How to complete this task: Repeat each record word for word.

Data section:
===============

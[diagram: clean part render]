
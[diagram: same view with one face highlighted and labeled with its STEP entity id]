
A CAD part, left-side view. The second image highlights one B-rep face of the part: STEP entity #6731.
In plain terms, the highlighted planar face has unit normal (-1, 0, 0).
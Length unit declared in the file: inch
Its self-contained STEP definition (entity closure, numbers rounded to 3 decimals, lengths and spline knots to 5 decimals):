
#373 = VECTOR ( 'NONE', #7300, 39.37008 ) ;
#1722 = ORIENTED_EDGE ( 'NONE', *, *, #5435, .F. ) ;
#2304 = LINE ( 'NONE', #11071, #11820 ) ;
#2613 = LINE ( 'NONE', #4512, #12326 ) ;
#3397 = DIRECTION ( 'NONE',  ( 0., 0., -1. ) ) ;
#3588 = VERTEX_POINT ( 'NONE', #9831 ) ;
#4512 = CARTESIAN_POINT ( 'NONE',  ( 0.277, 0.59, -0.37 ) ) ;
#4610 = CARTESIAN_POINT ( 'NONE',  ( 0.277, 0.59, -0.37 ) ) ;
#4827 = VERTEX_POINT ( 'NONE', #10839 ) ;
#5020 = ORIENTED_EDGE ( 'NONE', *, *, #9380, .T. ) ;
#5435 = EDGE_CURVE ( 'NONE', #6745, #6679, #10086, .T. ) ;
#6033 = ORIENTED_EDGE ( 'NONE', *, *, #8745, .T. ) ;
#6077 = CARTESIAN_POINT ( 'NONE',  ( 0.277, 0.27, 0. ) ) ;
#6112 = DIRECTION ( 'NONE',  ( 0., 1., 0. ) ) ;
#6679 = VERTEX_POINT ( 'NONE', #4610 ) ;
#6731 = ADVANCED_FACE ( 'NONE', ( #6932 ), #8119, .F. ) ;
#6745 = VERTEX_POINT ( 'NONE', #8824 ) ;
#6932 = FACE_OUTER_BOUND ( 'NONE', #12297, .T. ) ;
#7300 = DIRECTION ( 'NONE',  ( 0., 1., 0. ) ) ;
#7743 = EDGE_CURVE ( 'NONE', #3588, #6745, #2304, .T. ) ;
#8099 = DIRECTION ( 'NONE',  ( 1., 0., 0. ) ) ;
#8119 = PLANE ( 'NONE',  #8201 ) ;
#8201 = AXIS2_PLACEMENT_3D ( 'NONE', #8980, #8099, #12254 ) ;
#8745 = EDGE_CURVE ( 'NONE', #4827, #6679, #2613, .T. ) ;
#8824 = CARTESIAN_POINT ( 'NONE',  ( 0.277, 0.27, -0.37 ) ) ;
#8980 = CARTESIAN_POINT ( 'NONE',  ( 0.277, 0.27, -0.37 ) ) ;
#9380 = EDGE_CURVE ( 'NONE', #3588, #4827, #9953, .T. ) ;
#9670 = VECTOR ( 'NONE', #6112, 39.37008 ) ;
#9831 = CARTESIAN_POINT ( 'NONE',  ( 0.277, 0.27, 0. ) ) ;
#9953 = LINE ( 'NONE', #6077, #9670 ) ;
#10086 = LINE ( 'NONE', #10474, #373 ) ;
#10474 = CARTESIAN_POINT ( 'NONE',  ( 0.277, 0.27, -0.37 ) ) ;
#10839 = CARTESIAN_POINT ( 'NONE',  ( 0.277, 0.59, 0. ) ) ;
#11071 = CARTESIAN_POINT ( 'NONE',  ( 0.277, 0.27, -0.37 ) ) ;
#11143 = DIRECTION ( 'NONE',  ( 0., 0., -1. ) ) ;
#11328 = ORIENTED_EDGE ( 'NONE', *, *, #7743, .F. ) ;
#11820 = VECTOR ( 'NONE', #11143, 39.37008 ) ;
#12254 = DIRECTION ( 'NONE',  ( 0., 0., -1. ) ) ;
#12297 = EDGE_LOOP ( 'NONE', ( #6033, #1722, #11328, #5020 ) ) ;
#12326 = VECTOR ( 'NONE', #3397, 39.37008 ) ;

===============

Result for this task:
[diagram: clean part render]
[diagram: same view with one face highlighted and labeled with its STEP entity id]
A CAD part, left-side view. The second image highlights one B-rep face of the part: STEP entity #6731.
In plain terms, the highlighted planar face has unit normal (-1, 0, 0).
Length unit declared in the file: inch
Its self-contained STEP definition (entity closure, numbers rounded to 3 decimals, lengths and spline knots to 5 decimals):
#373 = VECTOR ( 'NONE', #7300, 39.37008 ) ;
#1722 = ORIENTED_EDGE ( 'NONE', *, *, #5435, .F. ) ;
#2304 = LINE ( 'NONE', #11071, #11820 ) ;
#2613 = LINE ( 'NONE', #4512, #12326 ) ;
#3397 = DIRECTION ( 'NONE',  ( 0., 0., -1. ) ) ;
#3588 = VERTEX_POINT ( 'NONE', #9831 ) ;
#4512 = CARTESIAN_POINT ( 'NONE',  ( 0.277, 0.59, -0.37 ) ) ;
#4610 = CARTESIAN_POINT ( 'NONE',  ( 0.277, 0.59, -0.37 ) ) ;
#4827 = VERTEX_POINT ( 'NONE', #10839 ) ;
#5020 = ORIENTED_EDGE ( 'NONE', *, *, #9380, .T. ) ;
#5435 = EDGE_CURVE ( 'NONE', #6745, #6679, #10086, .T. ) ;
#6033 = ORIENTED_EDGE ( 'NONE', *, *, #8745, .T. ) ;
#6077 = CARTESIAN_POINT ( 'NONE',  ( 0.277, 0.27, 0. ) ) ;
#6112 = DIRECTION ( 'NONE',  ( 0., 1., 0. ) ) ;
#6679 = VERTEX_POINT ( 'NONE', #4610 ) ;
#6731 = ADVANCED_FACE ( 'NONE', ( #6932 ), #8119, .F. ) ;
#6745 = VERTEX_POINT ( 'NONE', #8824 ) ;
#6932 = FACE_OUTER_BOUND ( 'NONE', #12297, .T. ) ;
#7300 = DIRECTION ( 'NONE',  ( 0., 1., 0. ) ) ;
#7743 = EDGE_CURVE ( 'NONE', #3588, #6745, #2304, .T. ) ;
#8099 = DIRECTION ( 'NONE',  ( 1., 0., 0. ) ) ;
#8119 = PLANE ( 'NONE',  #8201 ) ;
#8201 = AXIS2_PLACEMENT_3D ( 'NONE', #8980, #8099, #12254 ) ;
#8745 = EDGE_CURVE ( 'NONE', #4827, #6679, #2613, .T. ) ;
#8824 = CARTESIAN_POINT ( 'NONE',  ( 0.277, 0.27, -0.37 ) ) ;
#8980 = CARTESIAN_POINT ( 'NONE',  ( 0.277, 0.27, -0.37 ) ) ;
#9380 = EDGE_CURVE ( 'NONE', #3588, #4827, #9953, .T. ) ;
#9670 = VECTOR ( 'NONE', #6112, 39.37008 ) ;
#9831 = CARTESIAN_POINT ( 'NONE',  ( 0.277, 0.27, 0. ) ) ;
#9953 = LINE ( 'NONE', #6077, #9670 ) ;
#10086 = LINE ( 'NONE', #10474, #373 ) ;
#10474 = CARTESIAN_POINT ( 'NONE',  ( 0.277, 0.27, -0.37 ) ) ;
#10839 = CARTESIAN_POINT ( 'NONE',  ( 0.277, 0.59, 0. ) ) ;
#11071 = CARTESIAN_POINT ( 'NONE',  ( 0.277, 0.27, -0.37 ) ) ;
#11143 = DIRECTION ( 'NONE',  ( 0., 0., -1. ) ) ;
#11328 = ORIENTED_EDGE ( 'NONE', *, *, #7743, .F. ) ;
#11820 = VECTOR ( 'NONE', #11143, 39.37008 ) ;
#12254 = DIRECTION ( 'NONE',  ( 0., 0., -1. ) ) ;
#12297 = EDGE_LOOP ( 'NONE', ( #6033, #1722, #11328, #5020 ) ) ;
#12326 = VECTOR ( 'NONE', #3397, 39.37008 ) ;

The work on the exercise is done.